Wenyfryde married Major Owain Edward Whitehead Greaves of the Royal Horse Guards, grandson of the slate mine proprietor John Whitehead Greaves, on 4 January 1913. They had three daughters; Rosamund (15 February 1914 – December 2003), Katherine (1 June 1918 – 8 November 2011) and Mary (22 September 1921 – 22 February 1955).

==Estate==
Following the death of her mother in 1912, and Wenefryde's marriage soon after, Wenefryde inherited the Bosworth estate. This had been bought by her father but assigned to her mother as part of their marriage settlement. Wenefryde sold the estate and moved to Wales whilst her father retired to Ampney St Peter, Gloucestershire.

She inherited the Scottish title of 10th Countess of Dysart, suo jure, on the death of her uncle William Tollemache, 9th Earl of Dysart, who died without issue in 1935. The inheritance brought with it further estate; the Leicestershire property including 26445 acres.
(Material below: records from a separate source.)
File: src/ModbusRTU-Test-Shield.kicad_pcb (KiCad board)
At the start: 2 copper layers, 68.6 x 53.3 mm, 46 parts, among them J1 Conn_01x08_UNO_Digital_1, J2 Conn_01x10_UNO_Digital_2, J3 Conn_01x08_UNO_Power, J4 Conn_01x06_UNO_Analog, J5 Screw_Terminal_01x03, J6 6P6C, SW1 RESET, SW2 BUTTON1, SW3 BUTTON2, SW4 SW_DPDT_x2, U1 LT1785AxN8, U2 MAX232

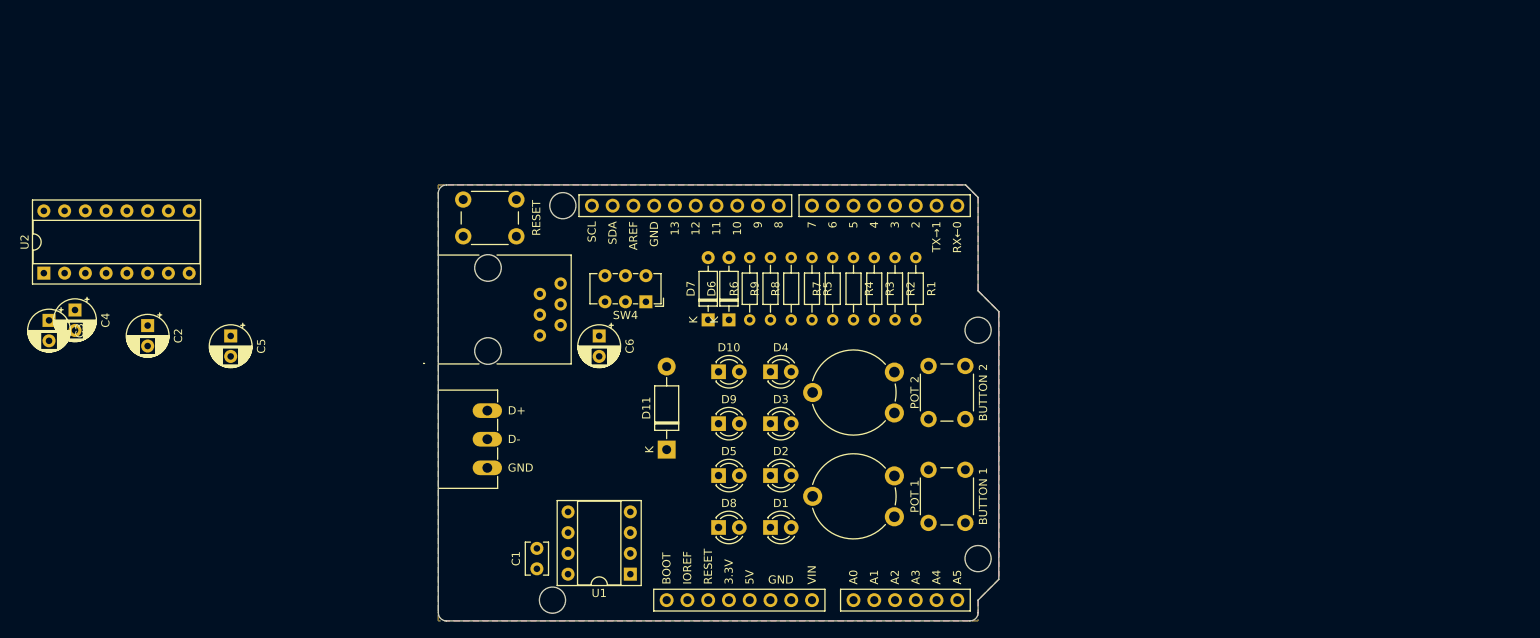
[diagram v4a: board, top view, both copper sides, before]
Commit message: Updated the schematic and board to use the new footprints and models.
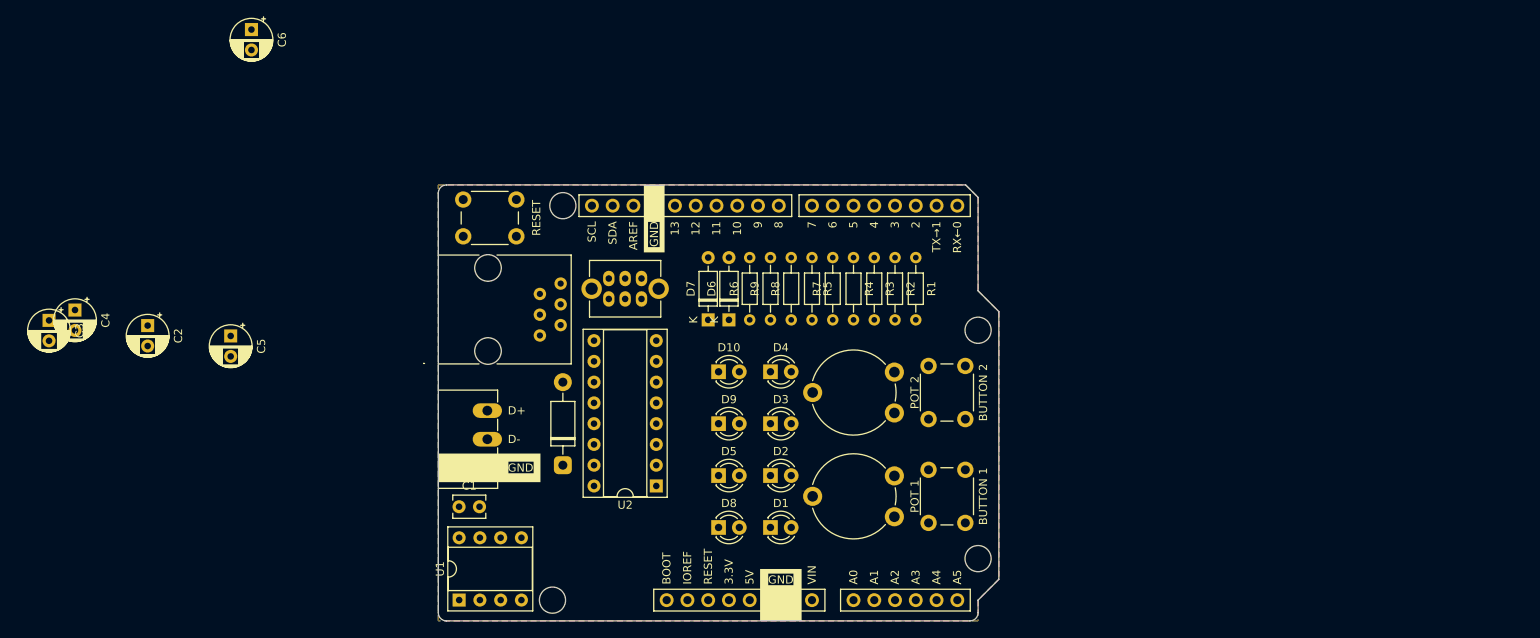
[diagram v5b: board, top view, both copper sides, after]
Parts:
- D11: footprint Diode_THT:D_DO-41_SOD81_P10.16mm_Horizontal -> Project_Footprints:D_DO-41_SOD81_P10.16mm_Horizontal
- SW4: footprint Button_Switch_THT:SW_E-Switch_EG1271_SPDT -> Project_Footprints:SW_CK_OS202011MS2Qx1_DPDT
- moved U2 79.3 mm to (132.1, 118.1), turned to 180 degrees
- moved C6 56.7 mm to (82.5, 62.3)
- moved U1 21.2 mm to (108.0, 132.1), turned to 90 degrees
- moved D11 12.8 mm to (120.7, 115.6)
- moved C1 12.2 mm to (108.0, 120.7), turned to 0 degrees
- moved SW4 3.00 mm to (128.3, 94.0)

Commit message: Completed third draft.
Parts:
- removed C1: 0.1uF, Capacitor_THT:C_Disc_D3.8mm_W2.6mm_P2.50mm
- C2, C3, C4, C5, C6: footprint Capacitor_THT:CP_Radial_D5.0mm_P2.50mm -> Project_Footprints:CP_Radial_D5.0mm_P2.50mm
- D1, D10, D2, D3, D4, D5, D8, D9: footprint LED_THT:LED_D3.0mm -> Project_Footprints:LED_D3.0mm
- D6, D7: footprint Diode_THT:D_DO-35_SOD27_P7.62mm_Horizontal -> Project_Footprints:D_DO-35_SOD27_P7.62mm_Horizontal
- R1, R2, R3, R4, R5, R6, R7, R8, R9: footprint Resistor_THT:R_Axial_DIN0204_L3.6mm_D1.6mm_P7.62mm_Horizontal -> Project_Footprints:R_Axial_DIN0204_L3.6mm_D1.6mm_P7.62mm_Horizontal
- U1: value LT1785AxN8 -> LT1785; footprint Package_DIP:DIP-8_W7.62mm_Socket -> Project_Footprints:DIP-8_W7.62mm_Socket
- U2: footprint Package_DIP:DIP-16_W7.62mm_Socket -> Project_Footprints:DIP-16_W7.62mm_Socket
- moved C3 78.0 mm to (132.7, 119.4), turned to 90 degrees
- moved C6 76.6 mm to (122.6, 127.6)
- moved C4 74.7 mm to (128.9, 127.6)
- moved C2 64.5 mm to (132.7, 113.0), turned to 90 degrees
- moved C5 53.2 mm to (132.7, 106.7)
- moved D11 24.3 mm to (123.8, 91.4), turned to -90 degrees
- moved U2 6.36 mm to (128.3, 123.2)
- moved U1 3.86 mm to (108.6, 128.3)
- moved SW4 3.17 mm to (131.4, 94.0)
- moved D10 2.01 mm to (137.8, 103.5)
- moved D5 2.01 mm to (137.8, 116.2)
- moved D8 2.01 mm to (137.8, 122.6)
- moved D9 2.01 mm to (137.8, 109.9)
- moved D2 1.42 mm to (144.8, 116.2)
- moved D4 1.42 mm to (144.8, 103.5)
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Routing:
- net +5V: track 0.00 -> 103.8 mm
- net /IOREF: track 0.00 -> 91.9 mm
- net /RESET: track 0.00 -> 83.9 mm
- net /DE: track 0.00 -> 80.4 mm
- net /TX: track 0.00 -> 64.1 mm
- net Net-(D6-K): track 0.00 -> 55.1 mm
- net /BUTTON2: track 0.00 -> 49.3 mm
- net /HARD_RX: track 0.00 -> 42.5 mm
- net /HARD_TX: track 0.00 -> 39.7 mm
- net /BUTTON1: track 0.00 -> 39.0 mm
- net Net-(D1-A): track 0.00 -> 36.3 mm
- net Net-(D8-K): track 0.00 -> 35.7 mm
- net /POT2: track 0.00 -> 29.0 mm
- net Net-(D2-A): track 0.00 -> 27.7 mm
- net Net-(D5-A): track 0.00 -> 26.1 mm
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- removed copper zone on B.Cu, net GND

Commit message: Completed fourth draft.
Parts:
- added C1: 1uF, Project_Footprints:CP_Radial_D4.0mm_P1.50mm, F.Cu at (109.2, 127.6)
- C2: renamed from C6; footprint Project_Footprints:CP_Radial_D5.0mm_P2.50mm -> Project_Footprints:CP_Radial_D4.0mm_P1.50mm
- C3: renamed from C4; footprint Project_Footprints:CP_Radial_D5.0mm_P2.50mm -> Project_Footprints:CP_Radial_D4.0mm_P1.50mm
- C4: renamed from C3; footprint Project_Footprints:CP_Radial_D5.0mm_P2.50mm -> Project_Footprints:CP_Radial_D4.0mm_P1.50mm
- C5: footprint Project_Footprints:CP_Radial_D5.0mm_P2.50mm -> Project_Footprints:CP_Radial_D4.0mm_P1.50mm
- C6: renamed from C2; footprint Project_Footprints:CP_Radial_D5.0mm_P2.50mm -> Project_Footprints:CP_Radial_D4.0mm_P1.50mm
- D10: renamed from D7; value D_Schottky -> BAT43
- D11: value D_Schottky -> SB260S
- D9: renamed from D6; value D_Schottky -> BAT43
- J1: value Conn_01x08_UNO_Digital_1 -> SP-140520-08-001
- J2: value Conn_01x10_UNO_Digital_2 -> SP-140520-10-001
- J3: value Conn_01x08_UNO_Power -> SP-140520-08-001
- J4: value Conn_01x06_UNO_Analog -> SP-140520-06-001
- J5: value Screw_Terminal_01x03 -> 5430438
- J6: value 6P6C -> 54601-906WPLF
- SW4: value SW_DPDT_x2 -> OS202011MS2QN1
- moved REF** 67.6 mm to (143.5, 127.0)
- moved REF** 46.3 mm to (156.8, 125.7)
- moved C3 12.9 mm to (135.9, 116.8), turned to 90 degrees
- moved U1 12.1 mm to (120.7, 128.3), turned to 180 degrees
- moved C4 4.07 mm to (135.9, 121.9)
- moved U2 3.81 mm to (132.1, 123.2)
- moved D5 3.81 mm to (141.6, 122.6)
- moved D6 3.81 mm to (141.6, 116.2)
- moved D7 3.81 mm to (141.6, 109.9)
- moved D8 3.81 mm to (141.6, 103.5)
- moved C6 3.42 mm to (135.9, 111.8)
- moved D1 3.18 mm to (148.0, 122.6)
- moved D2 3.18 mm to (148.0, 116.2)
- moved D3 3.18 mm to (148.0, 109.9)
- moved D4 3.18 mm to (148.0, 103.5)
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- renumbered D8 to D5, D5 to D6, D9 to D7, D10 to D8, R7 to R5, R5 to R6, R8 to R7, R9 to R8, R6 to R9, SW2 to SW1, SW3 to SW2, SW1 to SW3
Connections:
- J1 pad 3: /BUTTON2 -> /BUTTON1
- J1 pad 4: /BUTTON1 -> /BUTTON2
- J1 pad 6: /LED4 -> /LED1
- J1 pad 7: /LED3 -> /LED2
- J1 pad 8: /LED2 -> /LED3
- J2 pad 1: /LED1 -> /LED4
- R1 pad 1: /LED4 -> /LED1
- R2 pad 1: /LED3 -> /LED2
- R3 pad 1: /LED2 -> /LED3
- R4 pad 1: /LED1 -> /LED4
- SW1 pad 1: /BUTTON2 -> /BUTTON1
- SW2 pad 1: /BUTTON1 -> /BUTTON2
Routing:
- net Net-(D9-K): track 55.1 -> 41.9 mm
- net /BUTTON2: track 49.3 -> 38.4 mm
- net /BUTTON1: track 39.0 -> 48.8 mm
- net /TX: track 64.1 -> 57.2 mm
- net /RS485_D-: track 10.1 -> 16.0 mm
- net /DE: track 80.4 -> 76.2 mm
- net Net-(D8-K): track 11.9 -> 8.08 mm
- net Net-(D10-K): track 26.1 -> 22.5 mm
- net Net-(D5-K): track 35.7 -> 32.5 mm
- net /RS485_D+: track 13.3 -> 16.5 mm
- net Net-(D4-A): track 12.5 -> 9.35 mm
- net Net-(D6-A): track 26.1 -> 23.2 mm
- net /RS232_TX: track 23.0 -> 25.8 mm
- net Net-(D7-K): track 18.6 -> 15.9 mm
- net +5V: track 103.8 -> 101.1 mm
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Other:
- board text added: "MODBUS"
- board text added: "RTU"
- board text removed: "MODBUS RTU"

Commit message: Updated the main source files.
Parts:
- U1: value LT1785 -> RS-485 XCVR
- U2: value MAX232 -> RS-232 XCVR
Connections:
- SW4 pad MP: (no net) -> GND
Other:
- board text added: "Circuit Board Specifications Board Thickness: 1.6mm Substrate Material: FR4 Copper Layers: 2 Copper Thickness: 1oz Soldermask Color: Any (Blue Suggested) Surface Finish: Any (HASL Lead-Free Suggested) Smallest Hole Diameter: 0.6mm Smallest Trace Width: 0.2mm (7.8mil) Smallest Trace Spacing: 0.2mm (7.8mil) Documentation and source files can be found at https://github.com/CMB27/ModbusRTU-Test-Shiel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"
- board text removed: "Circuit Board Specifications Board Thickness: 1.6mm Substrate Material: FR4 Copper Layers: 2 Copper Thickness: 1oz Soldermask Color: Any (Blue Suggested) Surface Finish: Any (HASL Lead-Free Suggested) Smallest Hole Diameter: 0.8mm Smallest Trace Width: 0.2mm (7.8mil) Smallest Trace Spacing: 0.2mm (7.8mil) Documentation and source files can be found at https://github.com/CMB27/ModbusRTU-Test-Shiel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"

In 1939, Wenefryde purchased Stobo Castle, its ancient feudal barony and lands but rarely inhabited the castle due to the onset of war. Owain died there on 18 February 1941.
Parts of the wider estate were sold off over the following three decades and the castle and garden went into a slow decline. The Countess lived at Stobo until the mid-1960s, after which it lay empty until sold at auction by Sothebys in 1972.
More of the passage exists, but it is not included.